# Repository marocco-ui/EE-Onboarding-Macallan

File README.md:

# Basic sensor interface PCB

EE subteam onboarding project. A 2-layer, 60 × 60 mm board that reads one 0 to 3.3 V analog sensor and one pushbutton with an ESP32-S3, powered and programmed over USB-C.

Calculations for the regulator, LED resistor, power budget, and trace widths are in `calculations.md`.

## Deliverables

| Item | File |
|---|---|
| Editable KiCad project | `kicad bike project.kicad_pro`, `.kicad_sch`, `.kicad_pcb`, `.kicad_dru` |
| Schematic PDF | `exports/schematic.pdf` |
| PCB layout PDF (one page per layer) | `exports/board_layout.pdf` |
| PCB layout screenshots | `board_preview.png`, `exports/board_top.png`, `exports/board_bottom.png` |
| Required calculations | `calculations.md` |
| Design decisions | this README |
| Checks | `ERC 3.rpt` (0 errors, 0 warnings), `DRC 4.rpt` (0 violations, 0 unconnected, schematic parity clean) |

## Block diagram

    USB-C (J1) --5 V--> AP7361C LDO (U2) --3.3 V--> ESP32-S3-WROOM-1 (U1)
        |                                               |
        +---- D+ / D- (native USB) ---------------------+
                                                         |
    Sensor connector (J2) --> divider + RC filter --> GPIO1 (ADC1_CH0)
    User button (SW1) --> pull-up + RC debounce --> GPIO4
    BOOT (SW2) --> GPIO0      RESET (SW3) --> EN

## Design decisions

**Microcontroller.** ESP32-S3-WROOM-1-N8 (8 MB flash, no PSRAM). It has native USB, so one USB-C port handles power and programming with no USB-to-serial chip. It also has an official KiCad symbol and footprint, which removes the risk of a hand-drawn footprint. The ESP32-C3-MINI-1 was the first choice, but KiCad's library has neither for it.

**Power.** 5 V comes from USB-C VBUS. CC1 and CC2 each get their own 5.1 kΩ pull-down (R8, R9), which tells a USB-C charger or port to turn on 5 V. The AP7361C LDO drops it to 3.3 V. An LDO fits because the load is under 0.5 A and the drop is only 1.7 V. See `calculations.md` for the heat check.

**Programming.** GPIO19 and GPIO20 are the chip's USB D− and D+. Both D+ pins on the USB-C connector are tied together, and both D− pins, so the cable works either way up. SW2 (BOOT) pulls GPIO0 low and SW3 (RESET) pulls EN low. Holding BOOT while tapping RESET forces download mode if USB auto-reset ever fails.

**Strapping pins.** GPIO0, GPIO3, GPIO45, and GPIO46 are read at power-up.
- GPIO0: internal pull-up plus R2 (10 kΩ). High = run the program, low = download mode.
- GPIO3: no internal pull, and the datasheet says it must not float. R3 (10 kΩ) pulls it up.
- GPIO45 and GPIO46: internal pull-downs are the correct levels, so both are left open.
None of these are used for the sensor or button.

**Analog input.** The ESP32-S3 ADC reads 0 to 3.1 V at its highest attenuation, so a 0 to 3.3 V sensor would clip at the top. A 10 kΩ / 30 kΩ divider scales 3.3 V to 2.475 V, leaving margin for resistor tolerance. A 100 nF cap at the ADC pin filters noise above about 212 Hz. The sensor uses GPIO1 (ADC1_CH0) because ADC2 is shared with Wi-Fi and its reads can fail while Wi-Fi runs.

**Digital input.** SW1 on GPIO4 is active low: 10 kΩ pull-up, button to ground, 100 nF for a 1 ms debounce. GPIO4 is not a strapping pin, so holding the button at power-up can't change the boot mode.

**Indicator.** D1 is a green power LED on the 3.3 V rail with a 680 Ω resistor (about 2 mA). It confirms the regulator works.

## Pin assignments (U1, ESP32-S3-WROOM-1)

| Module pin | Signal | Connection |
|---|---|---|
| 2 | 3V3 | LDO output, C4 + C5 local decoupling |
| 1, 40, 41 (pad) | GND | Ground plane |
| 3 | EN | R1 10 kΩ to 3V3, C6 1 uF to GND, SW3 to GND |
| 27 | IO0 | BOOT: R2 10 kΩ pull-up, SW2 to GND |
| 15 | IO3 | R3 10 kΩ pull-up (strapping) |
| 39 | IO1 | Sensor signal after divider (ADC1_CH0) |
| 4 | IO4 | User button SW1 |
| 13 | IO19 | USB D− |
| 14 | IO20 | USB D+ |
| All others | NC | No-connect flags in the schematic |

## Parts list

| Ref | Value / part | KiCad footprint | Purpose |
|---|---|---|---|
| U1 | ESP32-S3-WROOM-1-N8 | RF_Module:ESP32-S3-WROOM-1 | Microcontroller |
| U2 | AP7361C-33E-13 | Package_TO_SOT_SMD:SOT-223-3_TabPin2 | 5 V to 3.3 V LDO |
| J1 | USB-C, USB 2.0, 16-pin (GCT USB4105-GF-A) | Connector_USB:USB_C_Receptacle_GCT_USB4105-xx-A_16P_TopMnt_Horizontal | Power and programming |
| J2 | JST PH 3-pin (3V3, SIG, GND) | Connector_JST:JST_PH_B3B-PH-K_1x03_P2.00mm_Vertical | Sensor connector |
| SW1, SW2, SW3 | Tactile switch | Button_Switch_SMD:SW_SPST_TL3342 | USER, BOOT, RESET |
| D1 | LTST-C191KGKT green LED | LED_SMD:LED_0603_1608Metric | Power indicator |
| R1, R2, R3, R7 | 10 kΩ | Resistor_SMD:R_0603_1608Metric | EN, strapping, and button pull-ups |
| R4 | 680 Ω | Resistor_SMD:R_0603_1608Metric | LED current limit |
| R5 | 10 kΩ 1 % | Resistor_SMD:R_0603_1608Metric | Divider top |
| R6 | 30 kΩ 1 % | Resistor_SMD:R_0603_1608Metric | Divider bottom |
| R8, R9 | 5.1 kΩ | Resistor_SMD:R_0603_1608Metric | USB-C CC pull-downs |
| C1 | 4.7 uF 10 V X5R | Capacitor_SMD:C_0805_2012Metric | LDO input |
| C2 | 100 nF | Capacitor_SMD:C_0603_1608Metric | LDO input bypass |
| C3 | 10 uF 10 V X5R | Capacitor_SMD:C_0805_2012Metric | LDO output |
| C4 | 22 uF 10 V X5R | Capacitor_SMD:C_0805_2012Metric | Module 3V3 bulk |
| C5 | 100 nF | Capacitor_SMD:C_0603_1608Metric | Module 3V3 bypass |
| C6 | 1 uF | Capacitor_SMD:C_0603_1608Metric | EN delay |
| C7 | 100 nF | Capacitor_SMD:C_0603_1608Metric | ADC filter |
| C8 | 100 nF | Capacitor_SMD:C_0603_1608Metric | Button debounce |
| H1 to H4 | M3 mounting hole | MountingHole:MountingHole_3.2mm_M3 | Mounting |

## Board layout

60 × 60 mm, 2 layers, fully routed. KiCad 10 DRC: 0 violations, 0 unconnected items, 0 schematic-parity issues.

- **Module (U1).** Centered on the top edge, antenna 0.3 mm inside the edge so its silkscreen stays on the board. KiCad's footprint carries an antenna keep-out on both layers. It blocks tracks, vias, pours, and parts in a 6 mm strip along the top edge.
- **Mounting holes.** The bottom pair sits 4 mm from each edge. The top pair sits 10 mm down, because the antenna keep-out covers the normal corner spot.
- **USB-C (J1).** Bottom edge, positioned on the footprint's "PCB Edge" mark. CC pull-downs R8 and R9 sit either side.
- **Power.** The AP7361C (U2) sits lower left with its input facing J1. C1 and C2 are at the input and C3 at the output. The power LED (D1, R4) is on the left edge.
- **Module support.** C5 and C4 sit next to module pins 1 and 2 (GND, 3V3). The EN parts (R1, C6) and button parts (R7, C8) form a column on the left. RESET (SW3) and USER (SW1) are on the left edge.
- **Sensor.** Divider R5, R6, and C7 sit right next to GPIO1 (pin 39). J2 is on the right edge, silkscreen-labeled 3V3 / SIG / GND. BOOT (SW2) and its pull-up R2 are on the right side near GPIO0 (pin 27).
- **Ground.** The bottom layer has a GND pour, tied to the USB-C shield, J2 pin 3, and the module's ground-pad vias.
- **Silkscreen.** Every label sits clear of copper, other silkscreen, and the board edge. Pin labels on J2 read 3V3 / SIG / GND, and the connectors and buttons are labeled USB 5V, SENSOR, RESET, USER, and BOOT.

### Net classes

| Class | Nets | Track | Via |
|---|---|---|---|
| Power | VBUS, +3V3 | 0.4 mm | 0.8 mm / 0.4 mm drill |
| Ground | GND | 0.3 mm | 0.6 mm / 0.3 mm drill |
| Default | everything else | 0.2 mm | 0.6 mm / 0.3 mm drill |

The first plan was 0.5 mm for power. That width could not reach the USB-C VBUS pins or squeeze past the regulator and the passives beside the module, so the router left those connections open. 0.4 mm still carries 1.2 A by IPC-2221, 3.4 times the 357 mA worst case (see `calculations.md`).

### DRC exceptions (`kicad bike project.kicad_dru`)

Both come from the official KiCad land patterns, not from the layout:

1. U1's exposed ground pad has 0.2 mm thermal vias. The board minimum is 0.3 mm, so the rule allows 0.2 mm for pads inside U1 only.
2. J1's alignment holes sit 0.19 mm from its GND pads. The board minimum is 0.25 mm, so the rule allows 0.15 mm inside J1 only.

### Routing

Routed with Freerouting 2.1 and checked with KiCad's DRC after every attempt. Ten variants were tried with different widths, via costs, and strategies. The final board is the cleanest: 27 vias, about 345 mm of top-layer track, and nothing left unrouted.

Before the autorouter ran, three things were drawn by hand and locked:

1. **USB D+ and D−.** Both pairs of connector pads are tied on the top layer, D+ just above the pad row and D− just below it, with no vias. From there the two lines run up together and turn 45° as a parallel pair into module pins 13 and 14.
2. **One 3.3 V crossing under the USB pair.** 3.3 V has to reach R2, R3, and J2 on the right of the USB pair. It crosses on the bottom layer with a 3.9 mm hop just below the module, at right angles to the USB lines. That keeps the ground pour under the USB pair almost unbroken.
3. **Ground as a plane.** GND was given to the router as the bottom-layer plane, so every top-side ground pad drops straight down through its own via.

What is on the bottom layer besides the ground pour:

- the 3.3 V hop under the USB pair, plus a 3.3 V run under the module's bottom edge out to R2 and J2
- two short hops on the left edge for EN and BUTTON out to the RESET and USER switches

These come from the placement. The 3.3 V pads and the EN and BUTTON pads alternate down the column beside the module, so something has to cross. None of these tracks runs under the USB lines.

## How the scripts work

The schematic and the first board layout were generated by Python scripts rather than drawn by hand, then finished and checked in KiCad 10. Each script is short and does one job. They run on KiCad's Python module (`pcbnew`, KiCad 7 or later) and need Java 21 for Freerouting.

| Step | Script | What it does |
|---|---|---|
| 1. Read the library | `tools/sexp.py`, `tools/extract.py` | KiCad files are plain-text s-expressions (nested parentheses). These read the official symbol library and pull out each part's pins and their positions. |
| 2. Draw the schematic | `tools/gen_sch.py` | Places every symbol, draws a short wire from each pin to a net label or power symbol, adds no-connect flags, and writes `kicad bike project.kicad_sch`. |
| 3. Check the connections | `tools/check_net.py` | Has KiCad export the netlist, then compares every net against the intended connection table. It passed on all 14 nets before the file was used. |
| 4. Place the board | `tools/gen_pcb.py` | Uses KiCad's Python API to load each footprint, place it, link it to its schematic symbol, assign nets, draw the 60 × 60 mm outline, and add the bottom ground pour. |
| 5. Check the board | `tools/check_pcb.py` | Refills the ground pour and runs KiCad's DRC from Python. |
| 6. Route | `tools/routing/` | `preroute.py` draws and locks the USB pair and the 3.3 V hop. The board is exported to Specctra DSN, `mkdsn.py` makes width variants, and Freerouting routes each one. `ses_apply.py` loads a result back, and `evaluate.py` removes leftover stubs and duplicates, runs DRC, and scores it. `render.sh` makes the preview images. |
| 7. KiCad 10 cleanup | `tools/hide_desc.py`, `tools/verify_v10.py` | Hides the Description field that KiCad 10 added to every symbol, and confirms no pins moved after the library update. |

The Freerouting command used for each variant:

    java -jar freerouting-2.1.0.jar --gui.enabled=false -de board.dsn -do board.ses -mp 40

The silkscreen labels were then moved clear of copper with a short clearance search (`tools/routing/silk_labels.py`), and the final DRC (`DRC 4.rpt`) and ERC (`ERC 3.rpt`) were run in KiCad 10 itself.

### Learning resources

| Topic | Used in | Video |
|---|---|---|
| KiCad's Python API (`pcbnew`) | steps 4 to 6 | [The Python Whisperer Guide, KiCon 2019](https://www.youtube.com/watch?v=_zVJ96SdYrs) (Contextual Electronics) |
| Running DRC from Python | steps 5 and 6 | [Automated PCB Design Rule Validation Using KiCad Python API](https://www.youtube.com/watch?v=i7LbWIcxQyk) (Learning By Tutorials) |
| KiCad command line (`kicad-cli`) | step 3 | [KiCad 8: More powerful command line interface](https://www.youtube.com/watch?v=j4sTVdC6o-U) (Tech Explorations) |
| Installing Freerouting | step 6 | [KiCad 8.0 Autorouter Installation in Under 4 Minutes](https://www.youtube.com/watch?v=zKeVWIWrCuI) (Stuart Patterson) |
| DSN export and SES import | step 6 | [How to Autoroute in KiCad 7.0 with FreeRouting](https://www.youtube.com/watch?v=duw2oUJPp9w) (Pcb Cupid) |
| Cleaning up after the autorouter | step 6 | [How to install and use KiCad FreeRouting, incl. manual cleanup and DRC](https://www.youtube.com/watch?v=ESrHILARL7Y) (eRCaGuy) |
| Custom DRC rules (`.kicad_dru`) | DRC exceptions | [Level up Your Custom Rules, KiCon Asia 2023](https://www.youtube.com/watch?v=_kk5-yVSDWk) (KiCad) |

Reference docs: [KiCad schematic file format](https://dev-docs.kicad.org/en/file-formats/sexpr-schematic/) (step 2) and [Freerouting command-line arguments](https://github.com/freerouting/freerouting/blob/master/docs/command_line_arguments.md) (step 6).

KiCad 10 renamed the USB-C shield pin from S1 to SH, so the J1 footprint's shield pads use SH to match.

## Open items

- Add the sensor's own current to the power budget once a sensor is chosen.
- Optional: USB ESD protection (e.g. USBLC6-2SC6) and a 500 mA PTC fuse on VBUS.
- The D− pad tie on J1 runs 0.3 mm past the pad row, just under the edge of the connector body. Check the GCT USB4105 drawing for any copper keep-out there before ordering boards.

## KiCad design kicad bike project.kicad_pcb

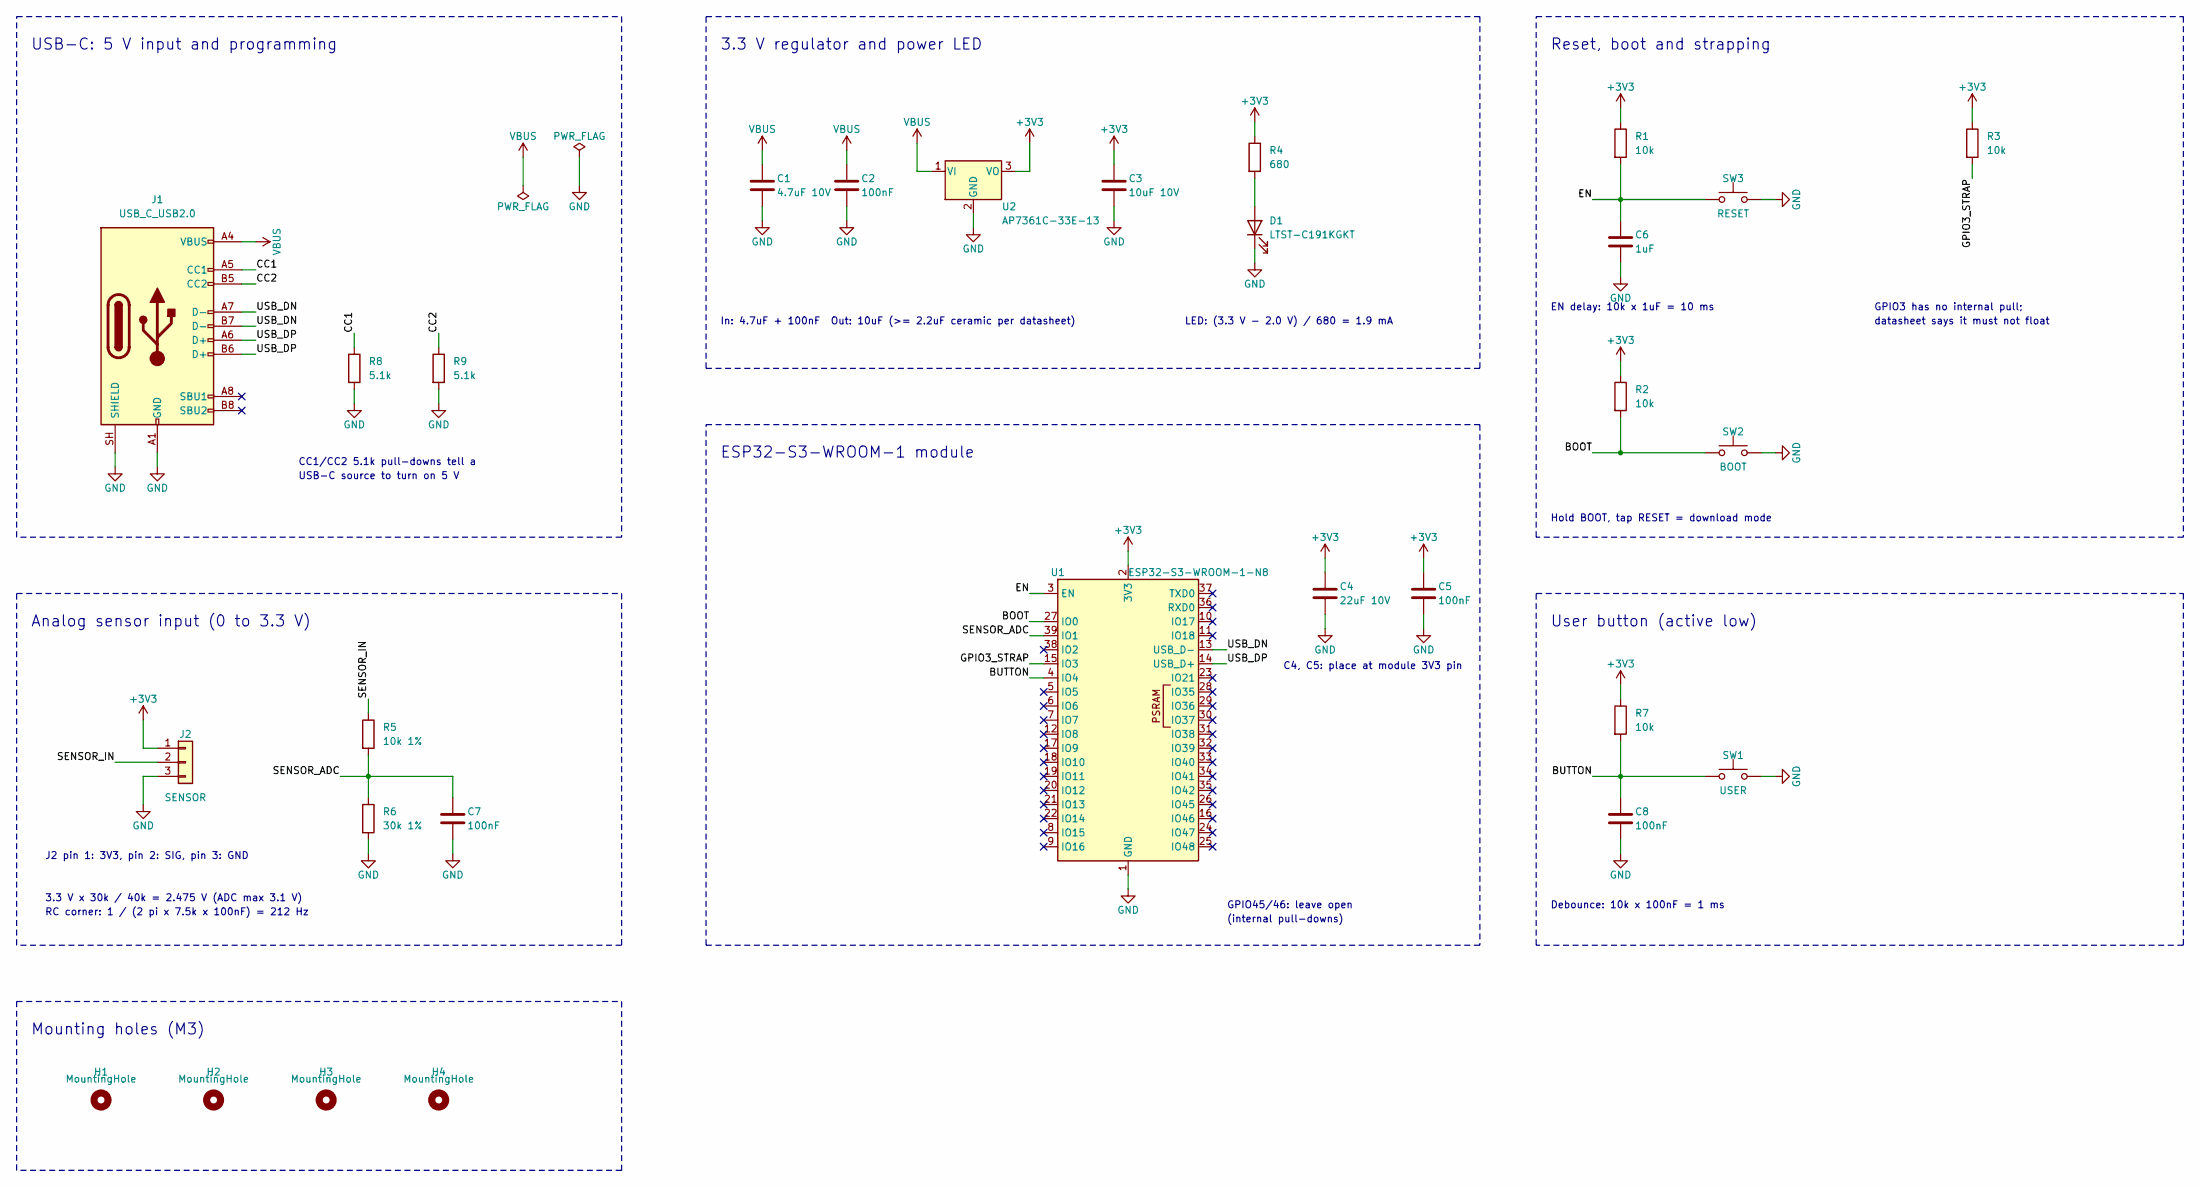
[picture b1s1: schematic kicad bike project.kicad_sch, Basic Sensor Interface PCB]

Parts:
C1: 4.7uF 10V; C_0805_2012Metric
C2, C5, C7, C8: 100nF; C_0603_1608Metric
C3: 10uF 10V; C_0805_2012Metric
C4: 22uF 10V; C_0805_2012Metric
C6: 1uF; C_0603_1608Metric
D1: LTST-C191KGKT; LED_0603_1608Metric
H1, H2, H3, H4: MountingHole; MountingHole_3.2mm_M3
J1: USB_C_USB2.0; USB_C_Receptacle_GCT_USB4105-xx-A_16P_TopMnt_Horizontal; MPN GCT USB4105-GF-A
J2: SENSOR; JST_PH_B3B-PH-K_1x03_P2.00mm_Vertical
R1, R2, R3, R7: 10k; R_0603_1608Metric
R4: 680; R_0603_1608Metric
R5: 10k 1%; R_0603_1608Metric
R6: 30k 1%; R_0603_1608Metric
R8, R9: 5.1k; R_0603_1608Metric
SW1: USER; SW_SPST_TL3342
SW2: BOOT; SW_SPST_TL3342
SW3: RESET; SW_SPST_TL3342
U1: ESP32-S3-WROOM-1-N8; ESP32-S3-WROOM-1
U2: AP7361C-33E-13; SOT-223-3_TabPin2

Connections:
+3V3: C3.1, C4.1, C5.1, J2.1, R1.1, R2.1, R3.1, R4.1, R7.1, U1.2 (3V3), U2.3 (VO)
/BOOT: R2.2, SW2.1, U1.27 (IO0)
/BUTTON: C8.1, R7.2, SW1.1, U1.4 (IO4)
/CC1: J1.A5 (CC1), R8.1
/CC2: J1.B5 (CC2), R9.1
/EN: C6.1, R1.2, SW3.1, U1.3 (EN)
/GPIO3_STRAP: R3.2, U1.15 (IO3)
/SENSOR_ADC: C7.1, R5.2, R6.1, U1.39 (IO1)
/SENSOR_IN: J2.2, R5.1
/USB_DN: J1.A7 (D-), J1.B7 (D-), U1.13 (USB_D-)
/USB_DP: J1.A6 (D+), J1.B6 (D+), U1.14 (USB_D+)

==*==

### YOUR ASSIGNMENT
What to print is the stretch of entries from the line with "KiCad 10 renamed" up to and including the line with "H1, H2, H3, H4: MountingHole;". Please print it exactly and leave out the pictures.

### YOUR RESPONSE
KiCad 10 renamed the USB-C shield pin from S1 to SH, so the J1 footprint's shield pads use SH to match.

## Open items

- Add the sensor's own current to the power budget once a sensor is chosen.
- Optional: USB ESD protection (e.g. USBLC6-2SC6) and a 500 mA PTC fuse on VBUS.
- The D− pad tie on J1 runs 0.3 mm past the pad row, just under the edge of the connector body. Check the GCT USB4105 drawing for any copper keep-out there before ordering boards.

## KiCad design kicad bike project.kicad_pcb

[picture b1s1: schematic kicad bike project.kicad_sch, Basic Sensor Interface PCB]

Parts:
C1: 4.7uF 10V; C_0805_2012Metric
C2, C5, C7, C8: 100nF; C_0603_1608Metric
C3: 10uF 10V; C_0805_2012Metric
C4: 22uF 10V; C_0805_2012Metric
C6: 1uF; C_0603_1608Metric
D1: LTST-C191KGKT; LED_0603_1608Metric
H1, H2, H3, H4: MountingHole; MountingHole_3.2mm_M3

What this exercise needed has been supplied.